I was working on the Leetcode problem “Reverse Vowels of a String.”
Here is my first solution:
class Solution {
public String reverseVowels(String s) {
String vowels = "aeiouAEIOU";
char[] arr = s.toCharArray();
int length = s.length();
int i = 0;
int j = length - 1;
while(i < j & i < length & j > 0) {
while(i < j && vowels.indexOf(arr[i]) == -1) {
i ++;
}
while(j > i && vowels.indexOf(arr[j]) == -1) {
j --;
}
char temp = arr[i];
arr[i] = arr[j];
arr[j] = temp;
i ++;
j --;
}
return String.valueOf(arr);
}
}
Since vowels.indexOf() has a time complexity of O(n), where n is the length of the vowels string, I decided to use a faster lookup data structure. Therefore, I implemented a HashSet as follows:
class Solution {
public String reverseVowels(String s) {
Set<Character> set = new HashSet<>(Arrays.asList('A','a','E','e','I','i','O','o','U','u'));
char[] arr = s.toCharArray();
int length = s.length();
int i = 0;
int j = length - 1;
while(i < j & i < length & j > 0) {
while(i < j && !set.contains(arr[i])) {
i ++;
}
while(i < j && !set.contains(arr[j])) {
j --;
}
char temp = arr[i];
arr[i] = arr[j];
arr[j] = temp;
i ++;
j --;
}
return String.valueOf(arr);
}
}
My understanding is that constructing the HashSet with n characters has a time complexity of O(n), and each lookup is O(1). I expected this version to be faster. However, on Leetcode, the first solution finished in 3 ms, while the second one finished in 5 ms.

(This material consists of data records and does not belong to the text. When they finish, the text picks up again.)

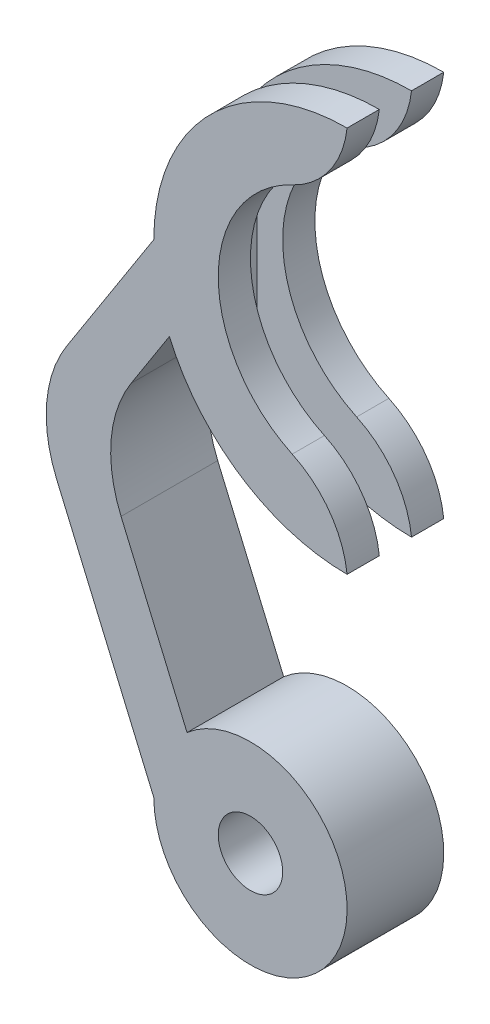
ISO-10303-21;
HEADER;
FILE_DESCRIPTION(('STEP AP214'),'2;1');
FILE_NAME('part.step','',(''),(''),'','','');
FILE_SCHEMA(('AUTOMOTIVE_DESIGN { 1 0 10303 214 1 1 1 1 }'));
ENDSEC;
DATA;
#1=APPLICATION_CONTEXT('core data for automotive mechanical design processes');
#2=APPLICATION_PROTOCOL_DEFINITION('international standard','automotive_design',2000,#1);
#3=PRODUCT_CONTEXT('',#1,'mechanical');
#4=PRODUCT('Part','Part','',(#3));
#5=PRODUCT_RELATED_PRODUCT_CATEGORY('part','',(#4));
#6=PRODUCT_DEFINITION_FORMATION('','',#4);
#7=PRODUCT_DEFINITION_CONTEXT('part definition',#1,'design');
#8=PRODUCT_DEFINITION('design','',#6,#7);
#9=PRODUCT_DEFINITION_SHAPE('','',#8);
#10=(LENGTH_UNIT() NAMED_UNIT(*) SI_UNIT(.MILLI.,.METRE.));
#11=(NAMED_UNIT(*) PLANE_ANGLE_UNIT() SI_UNIT($,.RADIAN.));
#12=(NAMED_UNIT(*) SI_UNIT($,.STERADIAN.) SOLID_ANGLE_UNIT());
#13=UNCERTAINTY_MEASURE_WITH_UNIT(LENGTH_MEASURE(1.E-05),#10,'distance_accuracy_value','');
#14=(GEOMETRIC_REPRESENTATION_CONTEXT(3) GLOBAL_UNCERTAINTY_ASSIGNED_CONTEXT((#13)) GLOBAL_UNIT_ASSIGNED_CONTEXT((#10,
#11,#12)) REPRESENTATION_CONTEXT('',''));
#15=CARTESIAN_POINT('',(0.,0.,0.));
#16=DIRECTION('',(0.,0.,1.));
#17=DIRECTION('',(1.,0.,0.));
#18=AXIS2_PLACEMENT_3D('',#15,#16,#17);
#19=CARTESIAN_POINT('',(0.,-30.,15.));
#20=DIRECTION('',(0.,0.,-1.));
#21=DIRECTION('',(-1.,0.,0.));
#22=AXIS2_PLACEMENT_3D('',#19,#20,#21);
#23=CYLINDRICAL_SURFACE('',#22,20.);
#24=CARTESIAN_POINT('',(0.,-30.,10.));
#25=DIRECTION('',(0.,0.,1.));
#26=DIRECTION('',(0.,-1.,0.));
#27=AXIS2_PLACEMENT_3D('',#24,#25,#26);
#28=CIRCLE('',#27,20.);
#29=CARTESIAN_POINT('',(-8.5183541999992,-11.9047619047619,10.));
#30=VERTEX_POINT('',#29);
#31=CARTESIAN_POINT('',(-8.5183541999992,-48.0952380952381,9.99999999999999));
#32=VERTEX_POINT('',#31);
#33=EDGE_CURVE('E170',#30,#32,#28,.T.);
#34=ORIENTED_EDGE('',*,*,#33,.F.);
#35=DIRECTION('',(0.,0.,-1.));
#36=VECTOR('',#35,1.);
#37=CARTESIAN_POINT('',(-8.5183541999992,-11.9047619047619,15.));
#38=LINE('',#37,#36);
#39=CARTESIAN_POINT('',(-8.5183541999992,-11.9047619047619,15.));
#40=VERTEX_POINT('',#39);
#41=EDGE_CURVE('E226',#30,#40,#38,.F.);
#42=ORIENTED_EDGE('',*,*,#41,.T.);
#43=CARTESIAN_POINT('',(0.,-30.,15.));
#44=DIRECTION('',(0.,0.,1.));
#45=DIRECTION('',(1.,0.,0.));
#46=AXIS2_PLACEMENT_3D('',#43,#44,#45);
#47=CIRCLE('',#46,20.);
#48=CARTESIAN_POINT('',(-8.5183541999992,-48.0952380952381,15.));
#49=VERTEX_POINT('',#48);
#50=EDGE_CURVE('E258',#40,#49,#47,.T.);
#51=ORIENTED_EDGE('',*,*,#50,.T.);
#52=DIRECTION('',(0.,0.,-1.));
#53=VECTOR('',#52,1.);
#54=CARTESIAN_POINT('',(-8.5183541999992,-48.0952380952381,15.));
#55=LINE('',#54,#53);
#56=EDGE_CURVE('E231',#49,#32,#55,.T.);
#57=ORIENTED_EDGE('',*,*,#56,.T.);
#58=EDGE_LOOP('',(#34,#42,#51,#57));
#59=FACE_BOUND('',#58,.T.);
#60=ADVANCED_FACE('F39',(#59),#23,.F.);
#61=CARTESIAN_POINT('',(-14.9071198499986,-61.6666666666667,15.));
#62=DIRECTION('',(0.,0.,-1.));
#63=DIRECTION('',(-1.,0.,0.));
#64=AXIS2_PLACEMENT_3D('',#61,#62,#63);
#65=CYLINDRICAL_SURFACE('',#64,15.);
#66=CARTESIAN_POINT('',(-14.9071198499986,-61.6666666666667,9.99999999999999));
#67=DIRECTION('',(0.,0.,1.));
#68=DIRECTION('',(0.,-1.,0.));
#69=AXIS2_PLACEMENT_3D('',#66,#67,#68);
#70=CIRCLE('',#69,15.);
#71=CARTESIAN_POINT('',(0.,-60.,9.99999999999999));
#72=VERTEX_POINT('',#71);
#73=EDGE_CURVE('E163',#32,#72,#70,.F.);
#74=ORIENTED_EDGE('',*,*,#73,.F.);
#75=ORIENTED_EDGE('',*,*,#56,.F.);
#76=CARTESIAN_POINT('',(-14.9071198499986,-61.6666666666667,15.));
#77=DIRECTION('',(0.,0.,1.));
#78=DIRECTION('',(1.,0.,0.));
#79=AXIS2_PLACEMENT_3D('',#76,#77,#78);
#80=CIRCLE('',#79,15.);
#81=CARTESIAN_POINT('',(0.,-60.,15.));
#82=VERTEX_POINT('',#81);
#83=EDGE_CURVE('E62',#82,#49,#80,.T.);
#84=ORIENTED_EDGE('',*,*,#83,.F.);
#85=DIRECTION('',(0.,0.,-1.));
#86=VECTOR('',#85,1.);
#87=CARTESIAN_POINT('',(0.,-60.,15.));
#88=LINE('',#87,#86);
#89=EDGE_CURVE('E181',#82,#72,#88,.T.);
#90=ORIENTED_EDGE('',*,*,#89,.T.);
#91=EDGE_LOOP('',(#74,#75,#84,#90));
#92=FACE_BOUND('',#91,.T.);
#93=ADVANCED_FACE('F185',(#92),#65,.T.);
#94=CARTESIAN_POINT('',(-14.9071198499986,1.66666666666667,15.));
#95=DIRECTION('',(0.,0.,-1.));
#96=DIRECTION('',(-1.,0.,0.));
#97=AXIS2_PLACEMENT_3D('',#94,#95,#96);
#98=CYLINDRICAL_SURFACE('',#97,15.);
#99=CARTESIAN_POINT('',(-14.9071198499986,1.66666666666667,10.));
#100=DIRECTION('',(0.,0.,1.));
#101=DIRECTION('',(0.,-1.,0.));
#102=AXIS2_PLACEMENT_3D('',#99,#100,#101);
#103=CIRCLE('',#102,15.);
#104=CARTESIAN_POINT('',(0.,0.,10.));
#105=VERTEX_POINT('',#104);
#106=EDGE_CURVE('E47',#105,#30,#103,.F.);
#107=ORIENTED_EDGE('',*,*,#106,.F.);
#108=DIRECTION('',(0.,0.,-1.));
#109=VECTOR('',#108,1.);
#110=CARTESIAN_POINT('',(0.,0.,15.));
#111=LINE('',#110,#109);
#112=CARTESIAN_POINT('',(0.,0.,15.));
#113=VERTEX_POINT('',#112);
#114=EDGE_CURVE('E205',#113,#105,#111,.T.);
#115=ORIENTED_EDGE('',*,*,#114,.F.);
#116=CARTESIAN_POINT('',(-14.9071198499986,1.66666666666667,15.));
#117=DIRECTION('',(0.,0.,1.));
#118=DIRECTION('',(1.,0.,0.));
#119=AXIS2_PLACEMENT_3D('',#116,#117,#118);
#120=CIRCLE('',#119,15.);
#121=EDGE_CURVE('E238',#40,#113,#120,.T.);
#122=ORIENTED_EDGE('',*,*,#121,.F.);
#123=ORIENTED_EDGE('',*,*,#41,.F.);
#124=EDGE_LOOP('',(#107,#115,#122,#123));
#125=FACE_BOUND('',#124,.T.);
#126=ADVANCED_FACE('F251',(#125),#98,.T.);
#127=CARTESIAN_POINT('',(0.,-30.,5.));
#128=DIRECTION('',(0.,0.,-1.));
#129=DIRECTION('',(0.,1.,0.));
#130=AXIS2_PLACEMENT_3D('',#127,#128,#129);
#131=CIRCLE('',#130,20.);
#132=CARTESIAN_POINT('',(-8.5183541999992,-48.0952380952381,5.));
#133=VERTEX_POINT('',#132);
#134=CARTESIAN_POINT('',(-8.5183541999992,-11.9047619047619,5.));
#135=VERTEX_POINT('',#134);
#136=EDGE_CURVE('E54',#133,#135,#131,.T.);
#137=ORIENTED_EDGE('',*,*,#136,.F.);
#138=CARTESIAN_POINT('',(-8.5183541999992,-48.0952380952381,0.));
#139=VERTEX_POINT('',#138);
#140=EDGE_CURVE('E230',#133,#139,#55,.T.);
#141=ORIENTED_EDGE('',*,*,#140,.T.);
#142=CARTESIAN_POINT('',(0.,-30.,0.));
#143=DIRECTION('',(0.,0.,1.));
#144=DIRECTION('',(1.,0.,0.));
#145=AXIS2_PLACEMENT_3D('',#142,#143,#144);
#146=CIRCLE('',#145,20.);
#147=CARTESIAN_POINT('',(-8.5183541999992,-11.9047619047619,0.));
#148=VERTEX_POINT('',#147);
#149=EDGE_CURVE('E283',#148,#139,#146,.T.);
#150=ORIENTED_EDGE('',*,*,#149,.F.);
#151=EDGE_CURVE('E227',#148,#135,#38,.F.);
#152=ORIENTED_EDGE('',*,*,#151,.T.);
#153=EDGE_LOOP('',(#137,#141,#150,#152));
#154=FACE_BOUND('',#153,.T.);
#155=ADVANCED_FACE('F368',(#154),#23,.F.);
#156=CARTESIAN_POINT('',(0.,-30.,15.));
#157=DIRECTION('',(0.,0.,-1.));
#158=DIRECTION('',(-1.,0.,0.));
#159=AXIS2_PLACEMENT_3D('',#156,#157,#158);
#160=CYLINDRICAL_SURFACE('',#159,30.);
#161=ORIENTED_EDGE('',*,*,#114,.T.);
#162=CARTESIAN_POINT('',(0.,-30.,10.));
#163=DIRECTION('',(0.,0.,1.));
#164=DIRECTION('',(0.,-1.,0.));
#165=AXIS2_PLACEMENT_3D('',#162,#163,#164);
#166=CIRCLE('',#165,30.);
#167=CARTESIAN_POINT('',(-24.,-12.,10.));
#168=VERTEX_POINT('',#167);
#169=EDGE_CURVE('E244',#105,#168,#166,.T.);
#170=ORIENTED_EDGE('',*,*,#169,.T.);
#171=DIRECTION('',(0.,0.,-1.));
#172=VECTOR('',#171,1.);
#173=CARTESIAN_POINT('',(-24.,-12.,15.));
#174=LINE('',#173,#172);
#175=CARTESIAN_POINT('',(-24.,-12.,5.));
#176=VERTEX_POINT('',#175);
#177=EDGE_CURVE('E183',#176,#168,#174,.F.);
#178=ORIENTED_EDGE('',*,*,#177,.F.);
#179=CARTESIAN_POINT('',(0.,-30.,5.));
#180=DIRECTION('',(0.,0.,-1.));
#181=DIRECTION('',(0.,1.,0.));
#182=AXIS2_PLACEMENT_3D('',#179,#180,#181);
#183=CIRCLE('',#182,30.);
#184=CARTESIAN_POINT('',(0.,0.,5.));
#185=VERTEX_POINT('',#184);
#186=EDGE_CURVE('E315',#176,#185,#183,.T.);
#187=ORIENTED_EDGE('',*,*,#186,.T.);
#188=CARTESIAN_POINT('',(0.,0.,0.));
#189=VERTEX_POINT('',#188);
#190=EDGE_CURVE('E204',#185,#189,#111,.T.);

Why is the second one slower? What is the time complexity of constructing a HashSet with n elements, and how does it affect runtime in this case?
2
Constructing a HashSet does have O(n) performance, but you can’t use the Big O notation to predict the runtime between different algorithms. You can’t even use it to predict the runtime of add()
and contain()
in HashSet itself. From a benchmark in Baeldung
Benchmark | 1000 | 10,000 | 100,000 |
---|---|---|---|
.add() | 0.026 | 0.023 | 0.024 |
.remove() | 0.009 | 0.009 | 0.009 |
.contains() | 0.009 | 0.009 | 0.010 |
Notice how both add()
and contains()
are O(1) (constant runtime regardless of collection size), but their runtime is different.
For very small input, the constant (not included in the Big O notation) overhead of a more complex algorithm likely exceeds the time saving for each operation. You’ll only notice the difference once you crank the number to millions.
1
The second solution is slower despite using a HashSet
for these reasons:
HashSet Overhead: Constructing the HashSet
and calculating hash codes introduces extra overhead, even though lookups are O(1).
Small Set Size: The indexOf()
in the first solution scans a small, constant set of 10 vowels, which is efficient. The linear search through a short string has minimal overhead.
Cache Efficiency: indexOf()
operates on a small contiguous string, making it more cache-friendly than a HashSet
, which has more complex memory access patterns.
Constant Factors: The overhead of HashSet
operations (hashing, collision handling) can outweigh the benefits for such a small data set.
In summary, while HashSet
has better theoretical complexity, the small set size and overhead make indexOf()
faster in practice for this problem.